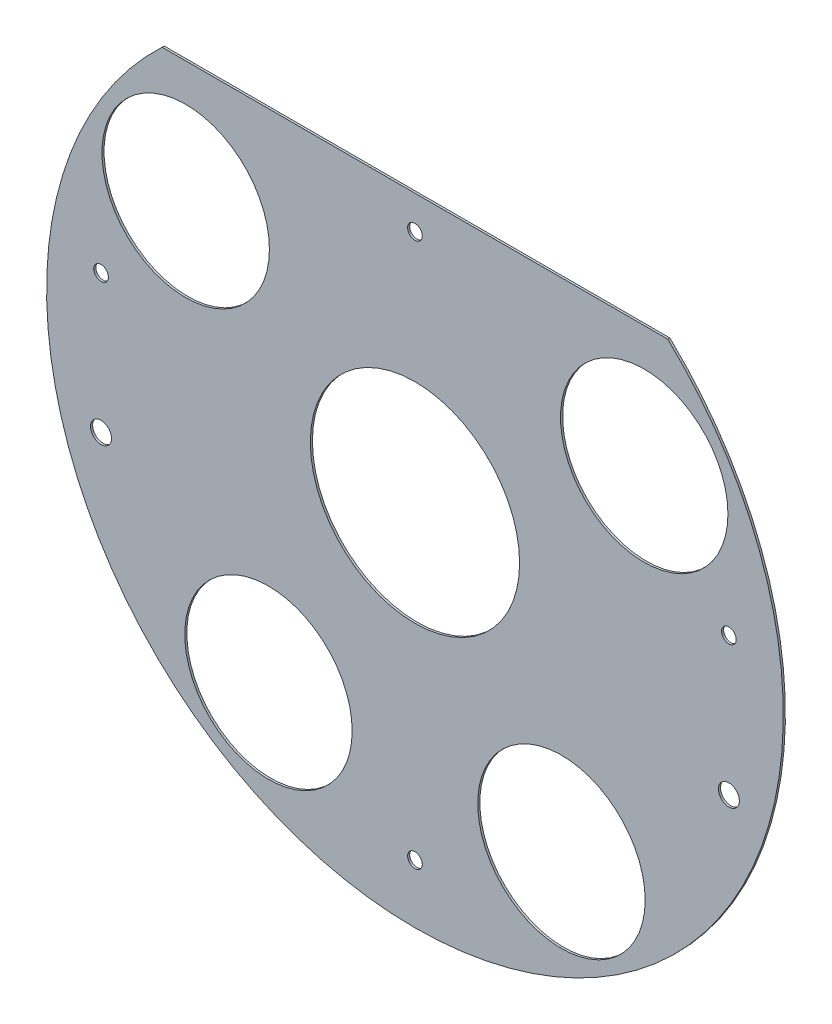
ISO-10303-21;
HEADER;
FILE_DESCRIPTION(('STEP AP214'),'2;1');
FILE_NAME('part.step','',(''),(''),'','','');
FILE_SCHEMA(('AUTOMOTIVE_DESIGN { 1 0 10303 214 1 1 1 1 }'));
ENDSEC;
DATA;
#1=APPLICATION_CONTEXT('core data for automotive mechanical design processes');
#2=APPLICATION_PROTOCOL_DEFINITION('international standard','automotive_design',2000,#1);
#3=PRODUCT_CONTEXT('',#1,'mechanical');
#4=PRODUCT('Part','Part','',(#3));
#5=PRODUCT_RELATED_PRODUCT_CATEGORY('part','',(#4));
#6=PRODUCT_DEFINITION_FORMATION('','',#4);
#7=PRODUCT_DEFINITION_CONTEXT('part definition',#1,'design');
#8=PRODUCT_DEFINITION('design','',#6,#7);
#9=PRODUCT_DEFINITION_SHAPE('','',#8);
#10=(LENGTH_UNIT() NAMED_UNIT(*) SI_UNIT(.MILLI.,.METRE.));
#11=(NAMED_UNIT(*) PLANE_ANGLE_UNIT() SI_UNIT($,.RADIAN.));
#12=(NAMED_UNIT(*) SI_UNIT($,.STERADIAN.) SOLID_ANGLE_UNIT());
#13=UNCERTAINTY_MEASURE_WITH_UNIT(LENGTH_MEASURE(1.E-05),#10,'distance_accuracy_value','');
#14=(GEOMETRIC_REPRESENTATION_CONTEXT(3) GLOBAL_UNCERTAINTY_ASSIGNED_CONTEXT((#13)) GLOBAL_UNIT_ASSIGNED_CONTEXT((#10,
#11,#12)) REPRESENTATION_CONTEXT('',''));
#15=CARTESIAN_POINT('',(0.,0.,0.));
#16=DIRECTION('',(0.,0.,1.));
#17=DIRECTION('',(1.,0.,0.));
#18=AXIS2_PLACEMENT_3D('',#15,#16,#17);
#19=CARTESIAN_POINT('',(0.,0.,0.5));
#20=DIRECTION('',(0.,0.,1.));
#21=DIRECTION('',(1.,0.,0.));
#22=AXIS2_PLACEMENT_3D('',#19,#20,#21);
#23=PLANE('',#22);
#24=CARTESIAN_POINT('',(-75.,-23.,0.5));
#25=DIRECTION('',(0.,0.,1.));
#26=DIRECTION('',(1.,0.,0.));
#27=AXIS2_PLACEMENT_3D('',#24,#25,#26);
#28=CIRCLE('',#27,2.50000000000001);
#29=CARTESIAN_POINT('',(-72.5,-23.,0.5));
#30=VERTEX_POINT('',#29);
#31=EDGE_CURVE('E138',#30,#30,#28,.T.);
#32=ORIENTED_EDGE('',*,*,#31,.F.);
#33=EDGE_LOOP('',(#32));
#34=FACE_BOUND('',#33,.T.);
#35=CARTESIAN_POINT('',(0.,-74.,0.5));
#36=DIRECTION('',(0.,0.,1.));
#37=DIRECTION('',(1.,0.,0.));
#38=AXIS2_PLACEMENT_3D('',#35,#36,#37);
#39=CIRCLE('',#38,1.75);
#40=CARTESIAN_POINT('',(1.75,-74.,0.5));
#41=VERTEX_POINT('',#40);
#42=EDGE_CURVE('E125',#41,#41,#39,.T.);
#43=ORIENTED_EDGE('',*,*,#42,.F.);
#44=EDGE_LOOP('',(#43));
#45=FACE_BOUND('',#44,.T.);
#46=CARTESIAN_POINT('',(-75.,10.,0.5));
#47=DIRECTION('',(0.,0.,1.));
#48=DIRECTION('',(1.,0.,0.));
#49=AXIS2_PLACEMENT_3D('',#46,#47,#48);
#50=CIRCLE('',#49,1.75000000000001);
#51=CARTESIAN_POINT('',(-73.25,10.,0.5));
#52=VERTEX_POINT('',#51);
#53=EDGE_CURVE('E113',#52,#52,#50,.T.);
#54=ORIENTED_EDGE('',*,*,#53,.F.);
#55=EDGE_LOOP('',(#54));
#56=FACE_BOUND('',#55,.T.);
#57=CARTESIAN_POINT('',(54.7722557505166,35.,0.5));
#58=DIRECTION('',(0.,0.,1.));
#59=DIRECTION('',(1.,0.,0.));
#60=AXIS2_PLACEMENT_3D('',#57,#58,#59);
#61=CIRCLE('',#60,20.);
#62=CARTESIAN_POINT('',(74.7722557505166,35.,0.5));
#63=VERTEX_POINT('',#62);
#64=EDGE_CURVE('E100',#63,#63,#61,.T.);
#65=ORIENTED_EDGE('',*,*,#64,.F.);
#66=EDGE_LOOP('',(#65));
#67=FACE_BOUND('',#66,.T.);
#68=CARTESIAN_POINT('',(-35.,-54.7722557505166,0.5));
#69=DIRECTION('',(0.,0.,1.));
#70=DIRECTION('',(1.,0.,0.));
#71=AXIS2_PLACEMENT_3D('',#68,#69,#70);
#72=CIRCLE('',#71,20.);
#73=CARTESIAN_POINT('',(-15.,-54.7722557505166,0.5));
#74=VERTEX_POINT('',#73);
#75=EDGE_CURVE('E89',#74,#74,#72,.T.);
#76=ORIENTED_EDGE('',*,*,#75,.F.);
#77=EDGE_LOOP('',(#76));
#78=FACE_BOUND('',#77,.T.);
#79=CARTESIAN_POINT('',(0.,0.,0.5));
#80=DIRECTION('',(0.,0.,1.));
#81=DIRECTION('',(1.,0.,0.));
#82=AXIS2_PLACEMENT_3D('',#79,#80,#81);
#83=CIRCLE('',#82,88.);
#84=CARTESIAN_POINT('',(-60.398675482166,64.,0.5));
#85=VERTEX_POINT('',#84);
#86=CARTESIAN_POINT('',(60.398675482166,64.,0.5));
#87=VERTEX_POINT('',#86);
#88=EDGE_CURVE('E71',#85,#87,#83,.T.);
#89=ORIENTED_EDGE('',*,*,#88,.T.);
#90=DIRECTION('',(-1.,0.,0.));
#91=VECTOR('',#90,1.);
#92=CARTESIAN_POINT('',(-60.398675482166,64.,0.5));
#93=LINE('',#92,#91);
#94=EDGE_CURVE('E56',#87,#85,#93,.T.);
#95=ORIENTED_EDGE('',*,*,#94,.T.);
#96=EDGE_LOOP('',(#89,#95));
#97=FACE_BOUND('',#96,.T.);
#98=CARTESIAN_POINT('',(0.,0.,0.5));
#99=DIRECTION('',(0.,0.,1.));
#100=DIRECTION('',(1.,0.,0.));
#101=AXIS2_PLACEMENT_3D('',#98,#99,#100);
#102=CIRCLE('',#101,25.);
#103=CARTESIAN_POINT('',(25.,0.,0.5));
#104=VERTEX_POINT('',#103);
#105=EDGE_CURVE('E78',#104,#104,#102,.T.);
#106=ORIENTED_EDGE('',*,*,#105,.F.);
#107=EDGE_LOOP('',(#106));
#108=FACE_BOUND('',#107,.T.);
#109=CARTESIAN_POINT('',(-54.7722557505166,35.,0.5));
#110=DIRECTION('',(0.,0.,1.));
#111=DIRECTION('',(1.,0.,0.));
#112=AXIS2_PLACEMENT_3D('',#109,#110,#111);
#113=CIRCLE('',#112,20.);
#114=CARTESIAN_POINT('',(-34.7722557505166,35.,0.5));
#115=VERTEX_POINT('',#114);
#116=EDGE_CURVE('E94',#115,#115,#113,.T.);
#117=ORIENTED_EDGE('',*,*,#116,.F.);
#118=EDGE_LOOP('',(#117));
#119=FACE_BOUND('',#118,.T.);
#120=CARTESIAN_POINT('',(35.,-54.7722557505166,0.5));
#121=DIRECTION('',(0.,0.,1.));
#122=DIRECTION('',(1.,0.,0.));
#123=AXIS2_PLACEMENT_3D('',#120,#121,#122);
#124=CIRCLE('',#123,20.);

____

**EXERCISE PROMPT**
The copy you give must repeat each record character for character, but it must not include the pictures.

**THE COMPLETED TASK**
ISO-10303-21;
HEADER;
FILE_DESCRIPTION(('STEP AP214'),'2;1');
FILE_NAME('part.step','',(''),(''),'','','');
FILE_SCHEMA(('AUTOMOTIVE_DESIGN { 1 0 10303 214 1 1 1 1 }'));
ENDSEC;
DATA;
#1=APPLICATION_CONTEXT('core data for automotive mechanical design processes');
#2=APPLICATION_PROTOCOL_DEFINITION('international standard','automotive_design',2000,#1);
#3=PRODUCT_CONTEXT('',#1,'mechanical');
#4=PRODUCT('Part','Part','',(#3));
#5=PRODUCT_RELATED_PRODUCT_CATEGORY('part','',(#4));
#6=PRODUCT_DEFINITION_FORMATION('','',#4);
#7=PRODUCT_DEFINITION_CONTEXT('part definition',#1,'design');
#8=PRODUCT_DEFINITION('design','',#6,#7);
#9=PRODUCT_DEFINITION_SHAPE('','',#8);
#10=(LENGTH_UNIT() NAMED_UNIT(*) SI_UNIT(.MILLI.,.METRE.));
#11=(NAMED_UNIT(*) PLANE_ANGLE_UNIT() SI_UNIT($,.RADIAN.));
#12=(NAMED_UNIT(*) SI_UNIT($,.STERADIAN.) SOLID_ANGLE_UNIT());
#13=UNCERTAINTY_MEASURE_WITH_UNIT(LENGTH_MEASURE(1.E-05),#10,'distance_accuracy_value','');
#14=(GEOMETRIC_REPRESENTATION_CONTEXT(3) GLOBAL_UNCERTAINTY_ASSIGNED_CONTEXT((#13)) GLOBAL_UNIT_ASSIGNED_CONTEXT((#10,
#11,#12)) REPRESENTATION_CONTEXT('',''));
#15=CARTESIAN_POINT('',(0.,0.,0.));
#16=DIRECTION('',(0.,0.,1.));
#17=DIRECTION('',(1.,0.,0.));
#18=AXIS2_PLACEMENT_3D('',#15,#16,#17);
#19=CARTESIAN_POINT('',(0.,0.,0.5));
#20=DIRECTION('',(0.,0.,1.));
#21=DIRECTION('',(1.,0.,0.));
#22=AXIS2_PLACEMENT_3D('',#19,#20,#21);
#23=PLANE('',#22);
#24=CARTESIAN_POINT('',(-75.,-23.,0.5));
#25=DIRECTION('',(0.,0.,1.));
#26=DIRECTION('',(1.,0.,0.));
#27=AXIS2_PLACEMENT_3D('',#24,#25,#26);
#28=CIRCLE('',#27,2.50000000000001);
#29=CARTESIAN_POINT('',(-72.5,-23.,0.5));
#30=VERTEX_POINT('',#29);
#31=EDGE_CURVE('E138',#30,#30,#28,.T.);
#32=ORIENTED_EDGE('',*,*,#31,.F.);
#33=EDGE_LOOP('',(#32));
#34=FACE_BOUND('',#33,.T.);
#35=CARTESIAN_POINT('',(0.,-74.,0.5));
#36=DIRECTION('',(0.,0.,1.));
#37=DIRECTION('',(1.,0.,0.));
#38=AXIS2_PLACEMENT_3D('',#35,#36,#37);
#39=CIRCLE('',#38,1.75);
#40=CARTESIAN_POINT('',(1.75,-74.,0.5));
#41=VERTEX_POINT('',#40);
#42=EDGE_CURVE('E125',#41,#41,#39,.T.);
#43=ORIENTED_EDGE('',*,*,#42,.F.);
#44=EDGE_LOOP('',(#43));
#45=FACE_BOUND('',#44,.T.);
#46=CARTESIAN_POINT('',(-75.,10.,0.5));
#47=DIRECTION('',(0.,0.,1.));
#48=DIRECTION('',(1.,0.,0.));
#49=AXIS2_PLACEMENT_3D('',#46,#47,#48);
#50=CIRCLE('',#49,1.75000000000001);
#51=CARTESIAN_POINT('',(-73.25,10.,0.5));
#52=VERTEX_POINT('',#51);
#53=EDGE_CURVE('E113',#52,#52,#50,.T.);
#54=ORIENTED_EDGE('',*,*,#53,.F.);
#55=EDGE_LOOP('',(#54));
#56=FACE_BOUND('',#55,.T.);
#57=CARTESIAN_POINT('',(54.7722557505166,35.,0.5));
#58=DIRECTION('',(0.,0.,1.));
#59=DIRECTION('',(1.,0.,0.));
#60=AXIS2_PLACEMENT_3D('',#57,#58,#59);
#61=CIRCLE('',#60,20.);
#62=CARTESIAN_POINT('',(74.7722557505166,35.,0.5));
#63=VERTEX_POINT('',#62);
#64=EDGE_CURVE('E100',#63,#63,#61,.T.);
#65=ORIENTED_EDGE('',*,*,#64,.F.);
#66=EDGE_LOOP('',(#65));
#67=FACE_BOUND('',#66,.T.);
#68=CARTESIAN_POINT('',(-35.,-54.7722557505166,0.5));
#69=DIRECTION('',(0.,0.,1.));
#70=DIRECTION('',(1.,0.,0.));
#71=AXIS2_PLACEMENT_3D('',#68,#69,#70);
#72=CIRCLE('',#71,20.);
#73=CARTESIAN_POINT('',(-15.,-54.7722557505166,0.5));
#74=VERTEX_POINT('',#73);
#75=EDGE_CURVE('E89',#74,#74,#72,.T.);
#76=ORIENTED_EDGE('',*,*,#75,.F.);
#77=EDGE_LOOP('',(#76));
#78=FACE_BOUND('',#77,.T.);
#79=CARTESIAN_POINT('',(0.,0.,0.5));
#80=DIRECTION('',(0.,0.,1.));
#81=DIRECTION('',(1.,0.,0.));
#82=AXIS2_PLACEMENT_3D('',#79,#80,#81);
#83=CIRCLE('',#82,88.);
#84=CARTESIAN_POINT('',(-60.398675482166,64.,0.5));
#85=VERTEX_POINT('',#84);
#86=CARTESIAN_POINT('',(60.398675482166,64.,0.5));
#87=VERTEX_POINT('',#86);
#88=EDGE_CURVE('E71',#85,#87,#83,.T.);
#89=ORIENTED_EDGE('',*,*,#88,.T.);
#90=DIRECTION('',(-1.,0.,0.));
#91=VECTOR('',#90,1.);
#92=CARTESIAN_POINT('',(-60.398675482166,64.,0.5));
#93=LINE('',#92,#91);
#94=EDGE_CURVE('E56',#87,#85,#93,.T.);
#95=ORIENTED_EDGE('',*,*,#94,.T.);
#96=EDGE_LOOP('',(#89,#95));
#97=FACE_BOUND('',#96,.T.);
#98=CARTESIAN_POINT('',(0.,0.,0.5));
#99=DIRECTION('',(0.,0.,1.));
#100=DIRECTION('',(1.,0.,0.));
#101=AXIS2_PLACEMENT_3D('',#98,#99,#100);
#102=CIRCLE('',#101,25.);
#103=CARTESIAN_POINT('',(25.,0.,0.5));
#104=VERTEX_POINT('',#103);
#105=EDGE_CURVE('E78',#104,#104,#102,.T.);
#106=ORIENTED_EDGE('',*,*,#105,.F.);
#107=EDGE_LOOP('',(#106));
#108=FACE_BOUND('',#107,.T.);
#109=CARTESIAN_POINT('',(-54.7722557505166,35.,0.5));
#110=DIRECTION('',(0.,0.,1.));
#111=DIRECTION('',(1.,0.,0.));
#112=AXIS2_PLACEMENT_3D('',#109,#110,#111);
#113=CIRCLE('',#112,20.);
#114=CARTESIAN_POINT('',(-34.7722557505166,35.,0.5));
#115=VERTEX_POINT('',#114);
#116=EDGE_CURVE('E94',#115,#115,#113,.T.);
#117=ORIENTED_EDGE('',*,*,#116,.F.);
#118=EDGE_LOOP('',(#117));
#119=FACE_BOUND('',#118,.T.);
#120=CARTESIAN_POINT('',(35.,-54.7722557505166,0.5));
#121=DIRECTION('',(0.,0.,1.));
#122=DIRECTION('',(1.,0.,0.));
#123=AXIS2_PLACEMENT_3D('',#120,#121,#122);
#124=CIRCLE('',#123,20.);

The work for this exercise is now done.